诸葛琛轻哼一声道:“你年纪虽然比我大几岁,可是本事却并不见得比我强。现在还没有开始祭典,你如果真的有本事的话,还可以让父皇改变主意,立你为太子。”

“你……”诸葛珉双目瞪着他道:“你那一日诈死,趁我和六弟出征不在皇都,发动叛乱,逼父皇立你为太子,这种行径万恶至极!”说罢,他走出列,跪在洛辰帝的下首道:“父皇,今日我与六弟俱已还朝,父皇再不用受他胁迫。今日文武百官俱都在此,父皇可一一列出他的叛逆之举!”

倾歌扬了扬眉毛,看来今日的祭典是很难顺利进行了。在楚国,除了诸葛琛有征战之名外,大皇子诸葛珉和六皇子诸葛珂均久战沙场,而且战功赫赫,楚国的疆土因为这些好战的皇子们在这几年已经扩大了不少。她一直好奇为什么上一次诸葛琛能顺利的逼洛辰帝立他为太子,原来诸葛琛是趁大皇子和六皇子不在皇宫里发动了叛乱。

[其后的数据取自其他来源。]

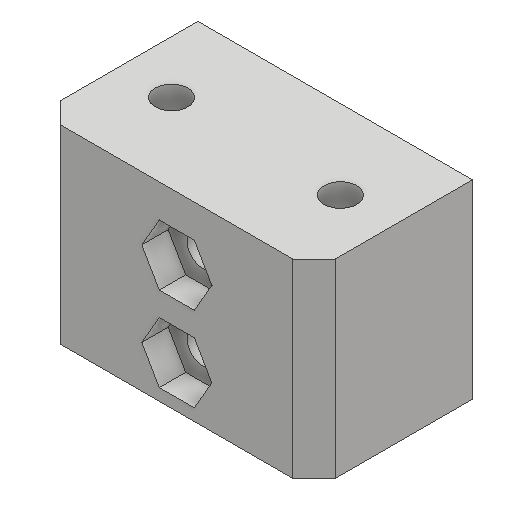
# Autodesk Inventor part: 3DP_ABS_Z_Axis_IGUS_Cable_Chain_Mount
Saved by Autodesk Inventor 2026.1 (Build 301233000, 233)
## iProperties
Created: 2016-06-21
Part Number: 3DP_ABS_Z_Axis_IGUS_Cable_Chain_Mount
Material: Ogólny
Document SubType Name: Modeling
Designer: Andrzej
Density: 1 g/cm^3
Appearance: Domyślna
Mass: 6.48147 g
Surface Area: 27.7131 cm^2
Volume: 6.48147 cm^3
Author: Andrzej
Autodesk Inventor part; units mm, degrees
ref_plane "YZ Plane" through (0, 0, 0) normal (1, 0, 0) x (0, 1, 0)
ref_plane "XZ Plane" through (0, 0, 0) normal (0, 1, 0) x (-1, 0, 0)
ref_plane "XY Plane" through (0, 0, 0) normal (0, 0, 1) x (1, 0, 0)
sketch "Szkic1" plane through (0, 0, 0) normal (0, 0, 1) x (1, 0, 0)
  line L0 (-7.8594, 6.1623) -> (18.1406, 6.1623)
  line L1 (18.1406, 6.1623) -> (18.1406, -8.8377)
  line L2 (18.1406, -8.8377) -> (-7.8594, -8.8377)
  line L3 (-7.8594, -8.8377) -> (-7.8594, 6.1623)
  point P0 (0, 0)
  point P1 (-2.8594, -1.3377)
  point P2 (13.1406, -1.3377)
  dimension "d0" = 26
  dimension "d1" = 15
  dimension "d4" = 7.5
  dimension "d5" = 7.5
  dimension "d6" = 5
  dimension "d7" = 5
  constraints: 8 end point, 2 parallel, 1 horizontal, 1 perpendicular
  measures "d0" distance of L1.end L2.end
  measures "d1" distance of L0.end L1.end
  measures "d4" distance from line of L2 point (-2.859, -1.338)
  measures "d5" distance from line of L2 point (13.141, -1.338)
  measures "d6" distance from line of L3 point (-2.859, -1.338)
  measures "d7" distance from line of L1 point (13.141, -1.338)
extrude "Wyciągnięcie proste1" add sketch "Szkic1" along normal blind 18
hole "Otwór1" at (-2.8594, -1.3377, 0) at (13.1406, -1.3377, 0) direction (0, 0, 1) diameter 3.1 end through all
sketch "Szkic2" plane through (-7.8594, -8.8377, 0) normal (0, -1, 0) x (1, 0, 0)
  line L0 (26, 0) -> (0, 0) projected
  line L1 (26, 0) -> (26, 18) projected
  line L2 (0, 18) -> (26, 18) projected
  line L3 (0, 0) -> (0, 18) projected
  point P0 (7.8594, 0)
  point P1 (13, 12)
  point P2 (13, 4)
  dimension "d16" = 8
  dimension "d17" = 13
  dimension "d18" = 26
  dimension "d19" = 13
  dimension "d27" = 4
  measures "d16" distance of point (13, 12) point (13, 4)
  measures "d17" distance from line of L3 point (13, 12)
  measures "d18" distance of L2.start L1.end
  measures "d19" distance from line of L3 point (13, 4)
  measures "d27" distance from line of L0 point (13, 4)
hole "Otwór2" at (5.1406, -8.8377, 12) at (5.1406, -8.8377, 4) direction (0, 1, 0) diameter 3.1 end through all
chamfer "Faza2" distance 2 angle 45 2 edges at (-7.8594, -8.8377, 9) (18.1406, -8.8377, 9)
sketch "Szkic4" plane through (-5.8594, -8.8377, 0) normal (0, -1, 0) x (1, 0, 0)
  line L0 (22, 18) -> (22, 0) projected
  line L1 (0, 18) -> (22, 18) projected
  line L2 (0, 0) -> (0, 18) projected
  line L3 (22, 0) -> (0, 0) projected
  circle A0 centre (11, 12) radius 1.55 projected
  circle A1 centre (11, 4) radius 1.55 projected
  line L4 (12.6599, 14.875) -> (14.3198, 12)
  line L5 (14.3198, 12) -> (12.6599, 9.125)
  line L6 (12.6599, 9.125) -> (9.3401, 9.125)
  line L7 (9.3401, 9.125) -> (7.6802, 12)
  line L8 (7.6802, 12) -> (9.3401, 14.875)
  line L9 (9.3401, 14.875) -> (12.6599, 14.875)
  line L10 (12.6599, 6.875) -> (14.3198, 4)
  line L11 (14.3198, 4) -> (12.6599, 1.125)
  line L12 (12.6599, 1.125) -> (9.3401, 1.125)
  line L13 (9.3401, 1.125) -> (7.6802, 4)
  line L14 (7.6802, 4) -> (9.3401, 6.875)
  line L15 (9.3401, 6.875) -> (12.6599, 6.875)
  point P0 (5.8594, 0)
  point P1 (11, 14.875)
  point P2 (11, 6.875)
  constraints: 24 end point, 2 midpoint, 26 other
extrude "Wyciągnięcie proste3" cut sketch "Szkic4" against normal blind 2.5 contours L4 L5 L6 L7 L8 L9 | L10 L11 L12 L13 L14 L15
equation "\"d4\" = 0.5 * d1"
equation "\"d5\" = d4"
equation "\"d17\" = 0.5 * d18"
equation "\"d19\" = d17"

诸葛珉的话一说出口,站在他身边的诸葛珂也出列道:“父皇,上一次的事情我和大皇兄远在边关,无力为父皇解忧,今日父皇再不用惧他,若是不想立他为太子,真说便是,我与大皇兄不会再让他放肆!”

诸葛琛依旧一片淡陌的站在那里,仿佛两人说的话和他无关一样,他缓缓的道:“那一日文武大臣们都在,都未曾见我逼过父皇一分一毫,倒是你们两个人,不好好在边关戍守,暗中偷偷回到朝堂,今日又在这里造谣生事,逼迫父皇。”他缓缓的转过身来,看着两人道:“你们可知边将不守边关,暗自回朝,那是死罪!”

倾歌的眸光流转,在心里轻轻叹了口气,诸葛琛做事滴水不漏,那一日在灵堂里虽然是夺权,看起来却无半点逼迫之意,而诸葛珉此时的举动却看来满是武将的鲁莽,短短几句话,便立马见高低。这诸葛珉只怕不是诸葛琛的对手,只是诸葛琛心思如此缜密,恐怕早就算到诸葛珉会回来阻止他祭典,又为何要等到今日才举办祭典?难道……她顿时明白了什么。

“你装病卧床,意图谋反,我和六皇弟再不回来,你只怕会更加无法无天。”诸葛珉冷冷的道:“父皇,还请下旨,剥去诸葛琛太子之位,今日的祭典就此罢休!”